The executor should next take steps to ensure that he or she has the requisite authority to act on behalf of the estate. This step is fairly quick and simple when administering trusts (assuming proper funding during the decedent’s lifetime). However, within the context of probate estates, this step involves the filing of an application and supporting documents with the probate court.  In either case, the objective is to obtain a formal grant of authority sufficient to permit the executor to demand possession of the decedent’s property from third parties and to otherwise conduct business on behalf of the estate (as the decedent could during his or her lifetime). 

Identify Challenges

The executor should be prepared to address any challenges to the decedent’s estate planning documents or other unexpected claims asserted against the decedent’s estate. Disputes of this nature will be resolved in the probate court (a specialty court that deals with, among other things, trust and probate estate administration).

Claims Evaluation

Claims against the decedent must be assessed and, if valid and the estate is solvent, paid by the executor. In Michigan, a decedent’s creditors generally have four months from the date they receive notice of the decedent’s death to present their claim to the executor. Otherwise, the claim may be forever barred. The executor may “disallow” any claim that the executor believes is invalid. Upon disallowance, the burden is on the creditor to pursue the claim in probate court. This statutory framework is intended to facilitate the efficient settlement of decedents' estates. 

Taxes

Tax matters are easily overlooked. These matters often involve the filing of state and federal income tax returns for the last year of the decedent’s life. The estate itself likely will also be required to file state and federal returns. Further, federal estate tax returns and basis reporting may be necessary in estates of significant value. Tax reporting not only involves various deadlines, but also provides opportunities for tax savings that should be assessed.

Beneficiary Distributions

Once taxes, debts and other liabilities are satisfied, the executor may proceed with the distribution of net estate assets to the beneficiaries. In some cases, distribution may involve the transfer of specific assets (i.e., real property). In many cases, however, distribution will involve liquidation of the assets and division of the estate into various shares. 
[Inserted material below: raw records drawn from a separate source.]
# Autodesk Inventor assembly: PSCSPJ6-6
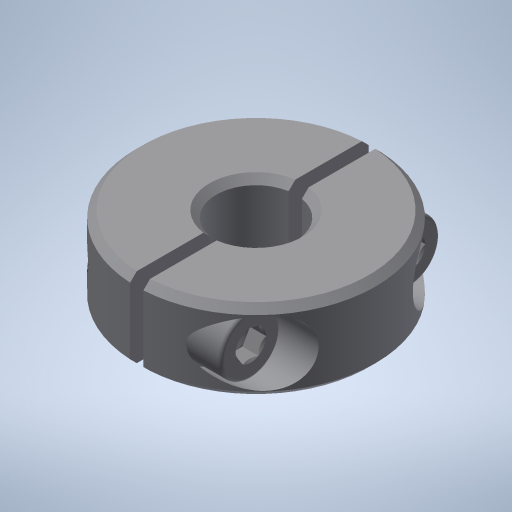
[picture p0: Inventor's stored thumbnail of the model, 512x512]
Saved by Autodesk Inventor 2024.1 (Build 281209000, 209)
## iProperties
Created: 2023-10-07
Part Number: PSCSPJ6-6
Catalog Web Link: www.cadenas.de
Description: SCSPJ, PSCSPJ, SSCSPJ, SCNPAJ, SCNPAWJ-Set Collars - Separate - Standard Compact Type
Vendor: MISUMI
Document SubType Name: Assembly
Designer: psAdmin
Manufacturer: MISUMI
Mass: 1.19599 g
Surface Area: 13.6586 cm^2
Volume: 1.19599 cm^3
Density: 1 g/cm^3
Category: PARTsolutions
Company: MISUMI
PSOL_IDENT_0: {$CADENAS_DATA/23d-libs/misumi/metric/03_set_collars/scspj_asmtab.prj},211 {VTYP=3D},{STYP=ASSTAB},{
PSOL_IDENT_1: NB=PSCSPJ6-6},{LINA=PSCSPJ6-6},{NN=SCSPJ, PSCSPJ, SSCSPJ, SCNPAJ, SCNPAWJ},{DATE=18.06.2021 05:39:41
PSOL_IDENT_2: },{GEOMDATE=08.06.2021 05:32:32},{VERSION=},{LINEID=300},{WBVAR=MAT,ST},{WBNUMERIC=}  {NB=PSCSPJ6-6}
PSOL_IDENT_3: ,{LINA=PSCSPJ6-6},{KT=DUMMY},{PN=PSCSPJ6-6},{TYPE=PSCSPJ},{MAT=1},{MATALG='1','1045 Carbon Steel','2'
PSOL_IDENT_4: ,'SUS304 Equivalent','3','2017 Aluminum Alloy'},{ST=2},{AC=Hexagon Socket Head Cap Screw 2 Pc. (SUS)
PSOL_IDENT_5: },{D=6},{B=6},{D1=18},{M=M2.6},{M1=2.6},{STALG='1','Black Oxide','2','Electroless Nickel Plating'},{
PSOL_IDENT_6: DD=2.9},{R=2.45},{W=1.0},{X=6.0},{Y=3},{C=0.5},{L=6},{LS=6},{PPATH=scspj/scspj_templ.prj}
NB: PSCSPJ6-6
NN: SCSPJ, PSCSPJ, SSCSPJ, SCNPAJ, SCNPAWJ
NT: Set Collars - Separate - Standard Compact Type
NBSYN: $PN.
LINA: PSCSPJ6-6
CATALOG: Misumi
PN: PSCSPJ6-6
MAT: 1045 Carbon Steel
ST: Electroless Nickel Plating
AC: Hexagon Socket Head Cap Screw 2 Pc. (SUS)
D: 6
B: 6
D1: 18
M: M2.6
DD: 2.9
R: 2.45
W: 1
X: 6
Y: 3
SUPPLIER: MISUMI
ARTICLENO: PSCSPJ6-6
BOMINFO: PSCSPJ6-6
CREATOR: CADENAS GmbH
Title: PSCSPJ6-6
Author: Cadenas PARTsolutions
Comments: Set Collars - Separate - Standard Compact Type
## Documents named in this file (4)
- C:\Users\haruy\OneDrive - Kyushu University\cad\000_parts\セットカラー\setcolor-6-18\PSCSPJ6-6.iam
- C:\Users\haruy\OneDrive - Kyushu University\cad\000_parts\セットカラー\setcolor-6-18\PSCSPJ6-6b.ipt
- C:\Users\haruy\OneDrive - Kyushu University\cad\000_parts\セットカラー\setcolor-6-18\M2_6x66.ipt
- C:\Users\haruy\OneDrive - Kyushu University\cad\000_parts\セットカラー\setcolor-6-18\PSCSPJ6-6p.ipt
## Components (4 placed, 3 different names)
1. PSCSPJ6-6b:1 — body_screw_Z@1 <-> IP4_Z@2, body_screw2_Z@1 <-> IP1_Z@3
2. M2_6x66:1 — body_screw_Z@1 <-> IP4_Z@2
3. M2_6x66:2 — body_screw2_Z@1 <-> IP1_Z@3
4. PSCSPJ6-6p:1
## Relationships (2: Mate 2)
- body_screw_Z@1 <-> IP4_Z@2 [Mate]: PSCSPJ6-6b:1 ↔ M2_6x66:1
- body_screw2_Z@1 <-> IP1_Z@3 [Mate]: PSCSPJ6-6b:1 ↔ M2_6x66:2
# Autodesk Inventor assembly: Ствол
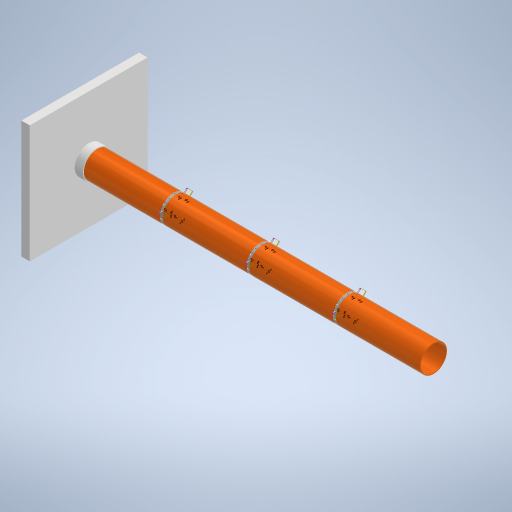
[picture p0: Inventor's stored thumbnail of the model, 512x512]
Saved by Autodesk Inventor 2023 (Build 270158000, 158)
## iProperties
Created: 2024-01-16
Part Number: Ствол
Document SubType Name: Assembly
Designer: liza
Author: liza
## Documents named in this file (6)
- C:\Fox_Crow\Work\Crow_Sborka\Ствол.iam
- C:\Fox_Crow\Work\Crow_Sborka\труба.ipt
- C:\Fox_Crow\Work\Crow_Sborka\внутренний соеденитель труб2.ipt
- C:\Fox_Crow\Work\Crow_Sborka\ветка.ipt
- C:\Fox_Crow\Work\Crow_Sborka\крепеж крышки+доска.ipt
- C:\Fox_Crow\Work\Crow_Sborka\трубка ветка.ipt
## Components (24 placed, 5 different names)
1. ветка:1 — Заподлицо:2
2. крепеж крышки+доска:1 — Цилиндрический:1, С поворотом:1
3. труба:5 — С поворотом:2
4. труба:2 — Совмещение:1, Совмещение:2, Заподлицо:1, Совмещение:3, Совмещение:4, Цилиндрический:1, С поворотом:1
5. труба:3
6. труба:4 — С поворотом:2
7. внутренний соеденитель труб2:1 — Совмещение:3, Совмещение:4, Цилиндрический:2, Цилиндрический:3
8. трубка ветка:1 — Цилиндрический:2, Цилиндрический:3
9. внутренний соеденитель труб2:2
10. трубка ветка:3
11. внутренний соеденитель труб2:3
12. трубка ветка:4
13. внутренний соеденитель труб2:4
14. трубка ветка:5
15. внутренний соеденитель труб2:5
16. трубка ветка:6
17. внутренний соеденитель труб2:6
18. трубка ветка:7
19. внутренний соеденитель труб2:7
20. трубка ветка:8
21. внутренний соеденитель труб2:8
22. трубка ветка:9
23. внутренний соеденитель труб2:9
24. трубка ветка:10
## Component patterns: (3 elements, first: труба:2), (1 elements), МассивКомп 2:2 (1 elements), МассивКомп 2:3 (1 elements), (3 elements, first: внутренний соеденитель труб2:1 + трубка ветка:1), МассивКомп 1:2 (3 elements), МассивКомп 1:3 (3 elements)
## Relationships (11: Mate 4, CylindricalJoint 3, Flush 2, RevoluteJoint 2)
- Совмещение:1 [Mate]: труба:2
- Совмещение:2 [Mate]: труба:2
- Заподлицо:1 [Flush]: труба:2
- Совмещение:3 [Mate]: труба:2 ↔ внутренний соеденитель труб2:1
- Совмещение:4 [Mate]: труба:2 ↔ внутренний соеденитель труб2:1
- Заподлицо:2 [Flush]: ветка:1
- Цилиндрический:1 [CylindricalJoint]: крепеж крышки+доска:1 ↔ труба:2
- С поворотом:1 [RevoluteJoint]: крепеж крышки+доска:1 ↔ труба:2
- С поворотом:2 [RevoluteJoint] (15 mm): труба:5 ↔ труба:4
- Цилиндрический:2 [CylindricalJoint]: внутренний соеденитель труб2:1 ↔ трубка ветка:1
- Цилиндрический:3 [CylindricalJoint]: внутренний соеденитель труб2:1 ↔ трубка ветка:1

Estate Accounting and Closure

The final part of the process (often undertaken concurrently with the distri-bution of assets) is the preparation of a final accounting (tracking estate activity from start to finish) and the closure of the estate. In this regard, the importance of good recordkeeping throughout the course of administration cannot be overstated. In some cases, probate court rules will require the submission of a final accounting to the court as a condition to closing the estate. Even if not required, it is advisable to prepare and circulate a final accounting as a means of assuring the beneficiaries that the estate was properly administered and to release the executor from liability. 

The goal of any executor is to fully and completely administer the decedent’s estate. Adherence to the process reduces the risk that a critical issue will fall through the cracks during the course of administration (i.e., that a tax return is missed or a valid claim is unpaid). Such missteps may result in, at best, a substantial headache, and, at worst, personal liability for the executor.  Accordingly, the executor that is mindful of the process may rest easy once administration has been completed, knowing that this particular chapter of the executor’s life is closed.